Required action: Within the data that follows, set down exactly the lines from the one containing "- net FLASH_CS: now also U1.K4" through the one containing "- net GND: now also U1.D4", both ends included.

[Stored data]
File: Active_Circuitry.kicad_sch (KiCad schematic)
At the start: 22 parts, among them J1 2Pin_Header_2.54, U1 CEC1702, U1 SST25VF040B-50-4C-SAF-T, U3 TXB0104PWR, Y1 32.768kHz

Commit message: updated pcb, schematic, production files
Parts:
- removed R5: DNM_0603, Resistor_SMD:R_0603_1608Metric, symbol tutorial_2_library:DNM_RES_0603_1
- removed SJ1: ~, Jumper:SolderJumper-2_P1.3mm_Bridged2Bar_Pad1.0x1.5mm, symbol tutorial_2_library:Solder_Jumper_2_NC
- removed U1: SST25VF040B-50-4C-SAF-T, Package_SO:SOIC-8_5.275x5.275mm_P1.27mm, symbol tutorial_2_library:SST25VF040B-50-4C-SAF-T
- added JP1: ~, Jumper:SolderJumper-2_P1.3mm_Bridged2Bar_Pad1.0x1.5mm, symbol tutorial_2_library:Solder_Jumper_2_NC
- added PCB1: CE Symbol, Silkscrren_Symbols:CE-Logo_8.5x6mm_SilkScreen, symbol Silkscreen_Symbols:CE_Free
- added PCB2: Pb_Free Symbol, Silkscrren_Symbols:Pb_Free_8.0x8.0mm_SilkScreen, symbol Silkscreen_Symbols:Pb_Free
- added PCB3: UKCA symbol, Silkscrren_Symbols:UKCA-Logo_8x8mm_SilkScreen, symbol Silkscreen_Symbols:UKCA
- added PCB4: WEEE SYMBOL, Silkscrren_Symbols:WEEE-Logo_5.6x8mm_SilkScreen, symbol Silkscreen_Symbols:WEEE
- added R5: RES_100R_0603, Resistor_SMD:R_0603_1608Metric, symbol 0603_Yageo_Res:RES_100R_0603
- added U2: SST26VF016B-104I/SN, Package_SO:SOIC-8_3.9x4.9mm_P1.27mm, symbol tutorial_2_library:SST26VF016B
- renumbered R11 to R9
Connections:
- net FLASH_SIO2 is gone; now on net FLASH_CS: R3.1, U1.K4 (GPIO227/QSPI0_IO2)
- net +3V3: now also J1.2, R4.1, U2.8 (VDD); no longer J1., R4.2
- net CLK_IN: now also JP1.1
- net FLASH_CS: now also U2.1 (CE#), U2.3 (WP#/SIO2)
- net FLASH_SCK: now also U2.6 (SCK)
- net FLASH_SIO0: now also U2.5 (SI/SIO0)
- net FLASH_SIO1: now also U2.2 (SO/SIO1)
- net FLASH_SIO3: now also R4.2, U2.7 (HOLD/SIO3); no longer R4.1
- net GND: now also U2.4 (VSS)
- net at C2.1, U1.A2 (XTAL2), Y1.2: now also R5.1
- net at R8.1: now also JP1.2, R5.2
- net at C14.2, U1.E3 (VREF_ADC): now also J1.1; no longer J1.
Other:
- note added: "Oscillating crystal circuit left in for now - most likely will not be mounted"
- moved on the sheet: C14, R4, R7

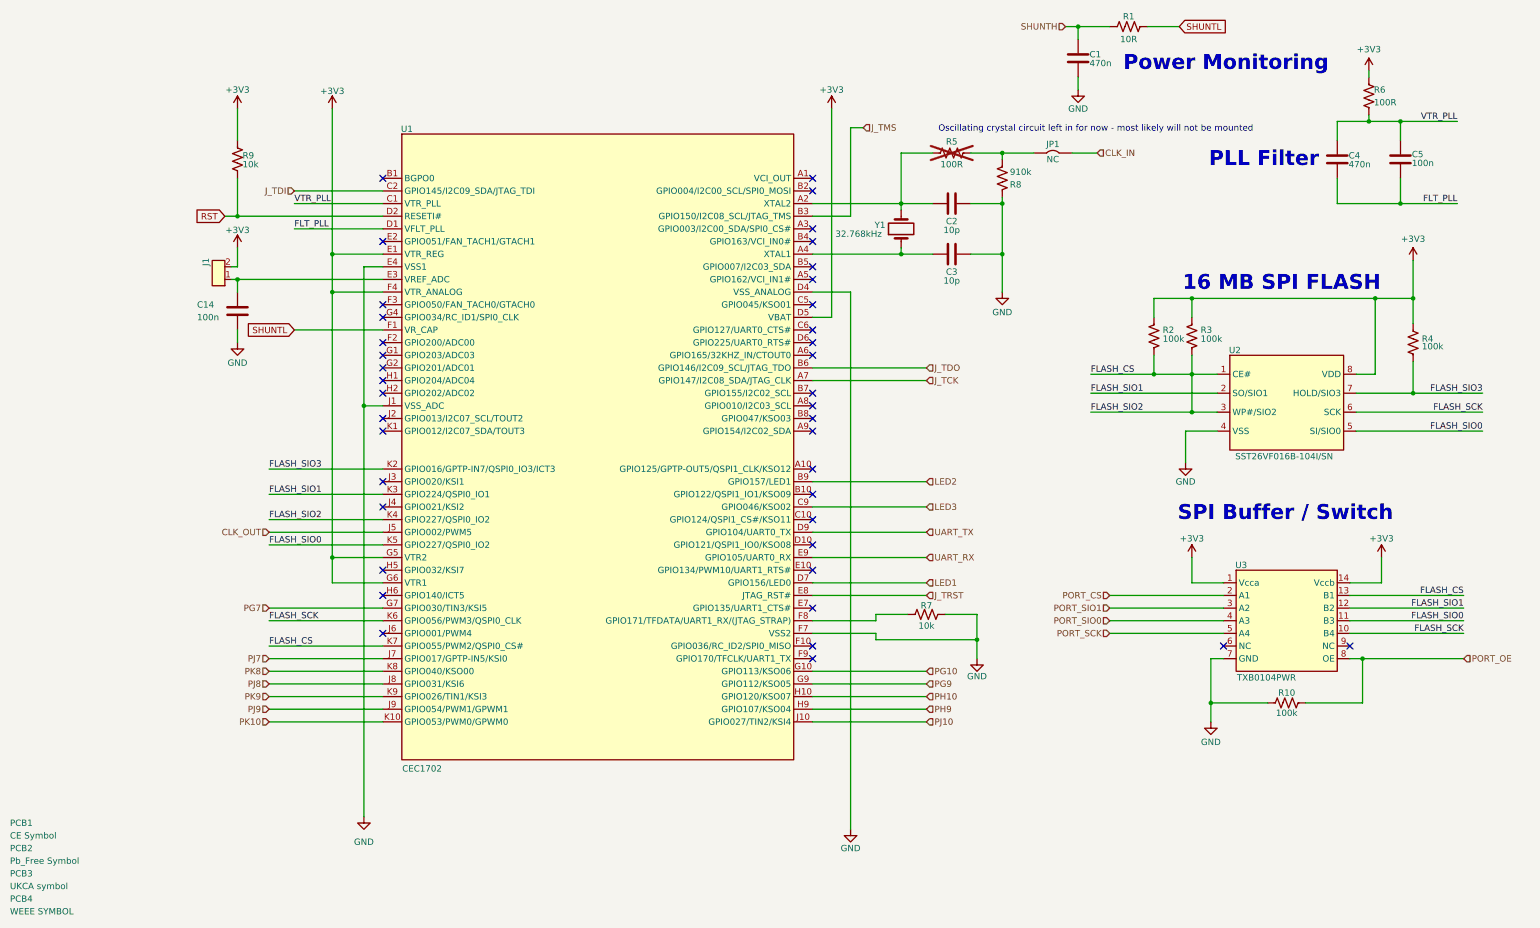
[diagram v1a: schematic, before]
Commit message: updated schematic and pcb after library re-organization
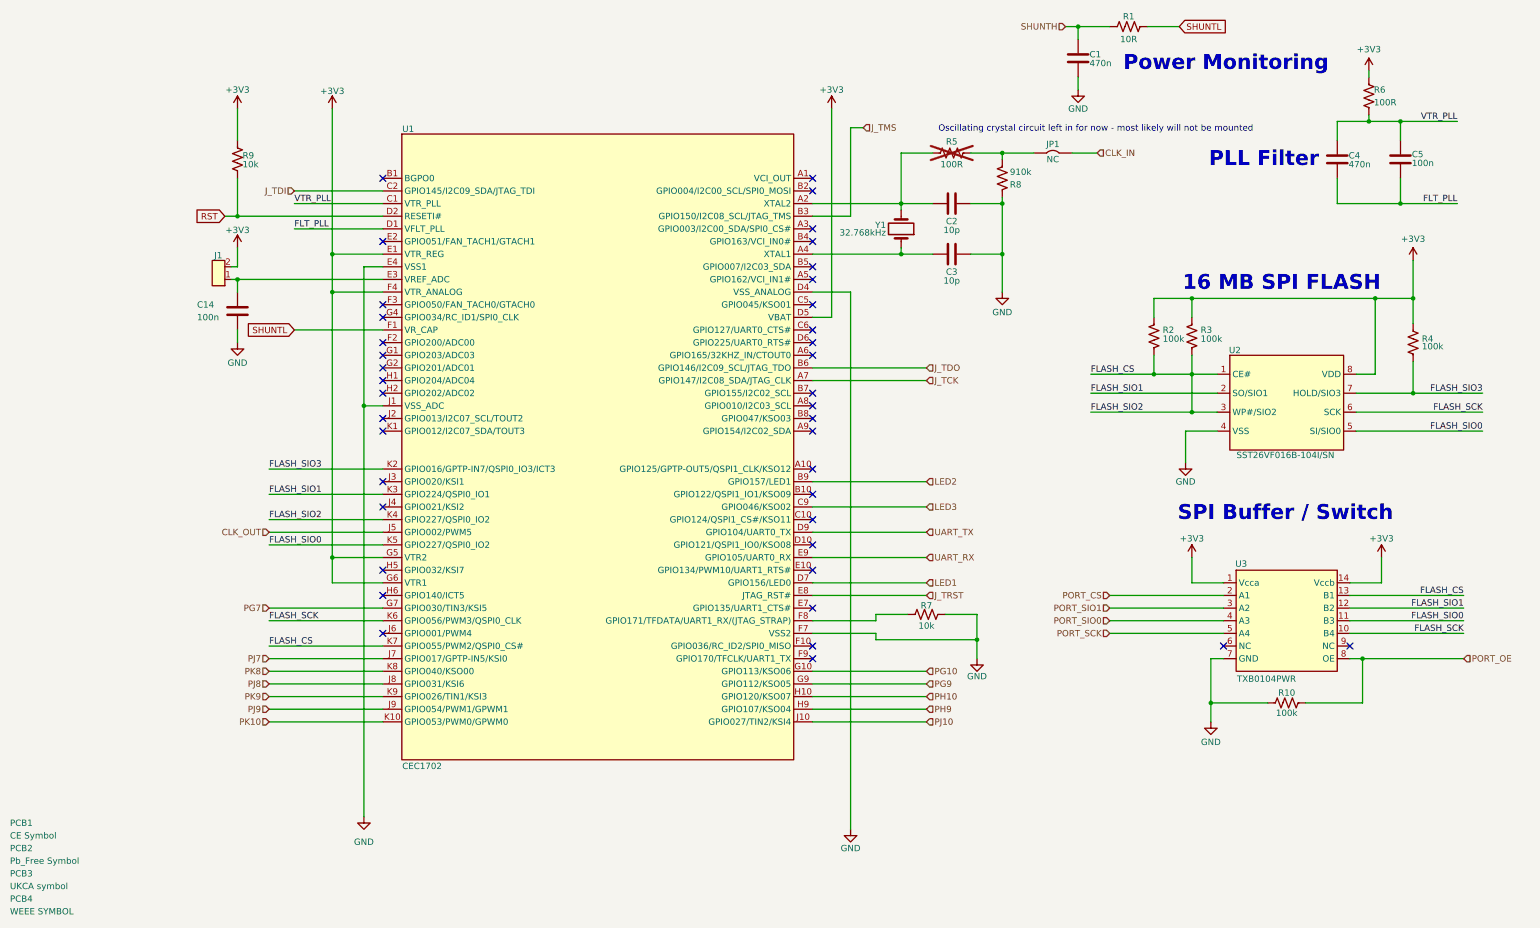
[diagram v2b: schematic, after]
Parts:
- removed J1: 2Pin_Header_2.54, Connector_PinHeader_2.54mm:PinHeader_2x01_P2.54mm_Vertical, symbol tutorial_2_library:HEADER_2_2.54MM
- removed JP1: ~, Jumper:SolderJumper-2_P1.3mm_Bridged2Bar_Pad1.0x1.5mm, symbol tutorial_2_library:Solder_Jumper_2_NC
- removed U1: CEC1702, tutorial_2_library:BGA84C65P10X10_700X700X80, symbol tutorial_2_library:CEC1702
- removed U2: SST26VF016B-104I/SN, Package_SO:SOIC-8_3.9x4.9mm_P1.27mm, symbol tutorial_2_library:SST26VF016B
- removed U3: TXB0104PWR, Package_SO:SOIC-14_3.9x8.7mm_P1.27mm, symbol tutorial_2_library:TXB0104PWR
- removed Y1: 32.768kHz, Crystal:Crystal_SMD_3215-2Pin_3.2x1.5mm, symbol tutorial_2_library:32.768kHz
- added J1: 2Pin_Header_2.54, Connector_PinHeader_2.54mm:PinHeader_2x01_P2.54mm_Vertical, symbol NAE_Connectors:VERT_HDR_2_2.54mm
- added JP1: ~, Jumper:SolderJumper-2_P1.3mm_Bridged2Bar_Pad1.0x1.5mm, symbol NAE_Connectors:Solder_Jumper_2_NC
- added U1: CEC1702, tutorial_2_library:BGA84C65P10X10_700X700X80, symbol NAE_Integrated_Circuits:CEC1702
- added U2: SST26VF016B-104I/SN, Package_SO:SOIC-8_3.9x4.9mm_P1.27mm, symbol NAE_Integrated_Circuits:SST26VF016B
- added U3: TXB0104PWR, Package_SO:SOIC-14_3.9x8.7mm_P1.27mm, symbol NAE_Integrated_Circuits:TXB0104PWR
- added Y1: 32.768kHz, Crystal:Crystal_SMD_3215-2Pin_3.2x1.5mm, symbol NAE_Crystals:Crystal_32.768kHz_SMD
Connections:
- net +3V3: now also J1.2, U1.D5 (VBAT), U1.E1 (VTR_REG), U1.F4 (VTR_ANALOG), U1.G5 (VTR2), U1.G6 (VTR1), U2.8 (VDD), U3.1 (Vcca), U3.14 (Vccb)
- net CLK_IN: now also JP1.1
- net CLK_OUT: now also U1.J5 (GPIO002/PWM5)
- net FLASH_CS: now also U1.K4 (GPIO227/QSPI0_IO2), U1.K7 (GPIO055/PWM2/QSPI0_CS#), U2.1 (CE#), U2.3 (WP#/SIO2), U3.13 (B1)
- net FLASH_SCK: now also U1.K6 (GPIO056/PWM3/QSPI0_CLK), U2.6 (SCK), U3.10 (B4)
- net FLASH_SIO0: now also U1.K5 (GPIO227/QSPI0_IO2), U2.5 (SI/SIO0), U3.11 (B3)
- net FLASH_SIO1: now also U1.K3 (GPIO224/QSPI0_IO1), U2.2 (SO/SIO1), U3.12 (B2)
- net FLASH_SIO3: now also U1.K2 (GPIO016/GPTP-IN7/QSPI0_IO3/ICT3), U2.7 (HOLD/SIO3)
- net FLT_PLL: now also U1.D1 (VFLT_PLL)
- net GND: now also U1.D4 (VSS_ANALOG), U1.E4 (VSS1), U1.F7 (VSS2), U1.J1 (VSS_ADC), U2.4 (VSS), U3.7 (GND)
- net J_TCK: now also U1.A7 (GPIO147/I2C08_SDA/JTAG_CLK)
- net J_TDI: now also U1.C2 (GPIO145/I2C09_SDA/JTAG_TDI)
- net J_TDO: now also U1.B6 (GPIO146/I2C09_SCL/JTAG_TDO)
- net J_TMS: now also U1.B3 (GPIO150/I2C08_SCL/JTAG_TMS)
- net J_TRST: now also U1.E8 (JTAG_RST#)
- net LED1: now also U1.D7 (GPIO156/LED0)
- net LED2: now also U1.B9 (GPIO157/LED1)
- net LED3: now also U1.C9 (GPIO046/KSO02)
- net PG10: now also U1.G10 (GPIO113/KSO06)
- net PG7: now also U1.G7 (GPIO030/TIN3/KSI5)
- net PG9: now also U1.G9 (GPIO112/KSO05)
- net PH10: now also U1.H10 (GPIO120/KSO07)
- net PH9: now also U1.H9 (GPIO107/KSO04)
- net PJ10: now also U1.J10 (GPIO027/TIN2/KSI4)
- net PJ7: now also U1.J7 (GPIO017/GPTP-IN5/KSI0)
- net PJ8: now also U1.J8 (GPIO031/KSI6)
- net PJ9: now also U1.J9 (GPIO054/PWM1/GPWM1)
- net PK10: now also U1.K10 (GPIO053/PWM0/GPWM0)
- net PK8: now also U1.K8 (GPIO040/KSO00)
- net PK9: now also U1.K9 (GPIO026/TIN1/KSI3)
- net PORT_CS: now also U3.2 (A1)
- net PORT_OE: now also U3.8 (OE)
- net PORT_SCK: now also U3.5 (A4)
- net PORT_SIO0: now also U3.4 (A3)
- net PORT_SIO1: now also U3.3 (A2)
- net RST: now also U1.D2 (RESETI#)
- net SHUNTL: now also U1.F1 (VR_CAP)
- net UART_RX: now also U1.E9 (GPIO105/UART0_RX)
- net UART_TX: now also U1.D9 (GPIO104/UART0_TX)
- net VTR_PLL: now also U1.C1 (VTR_PLL)
- net at R5.2, R8.1: now also JP1.2
- net at C14.2: now also J1.1, U1.E3 (VREF_ADC)
- net at C3.1: now also U1.A4 (XTAL1), Y1.1
- net at C2.1, R5.1: now also U1.A2 (XTAL2), Y1.2
- net at R7.1: now also U1.F8 (GPIO171/TFDATA/UART1_RX/(JTAG_STRAP))

Result of the exercise:
- net FLASH_CS: now also U1.K4 (GPIO227/QSPI0_IO2), U1.K7 (GPIO055/PWM2/QSPI0_CS#), U2.1 (CE#), U2.3 (WP#/SIO2), U3.13 (B1)
- net FLASH_SCK: now also U1.K6 (GPIO056/PWM3/QSPI0_CLK), U2.6 (SCK), U3.10 (B4)
- net FLASH_SIO0: now also U1.K5 (GPIO227/QSPI0_IO2), U2.5 (SI/SIO0), U3.11 (B3)
- net FLASH_SIO1: now also U1.K3 (GPIO224/QSPI0_IO1), U2.2 (SO/SIO1), U3.12 (B2)
- net FLASH_SIO3: now also U1.K2 (GPIO016/GPTP-IN7/QSPI0_IO3/ICT3), U2.7 (HOLD/SIO3)
- net FLT_PLL: now also U1.D1 (VFLT_PLL)
- net GND: now also U1.D4 (VSS_ANALOG), U1.E4 (VSS1), U1.F7 (VSS2), U1.J1 (VSS_ADC), U2.4 (VSS), U3.7 (GND)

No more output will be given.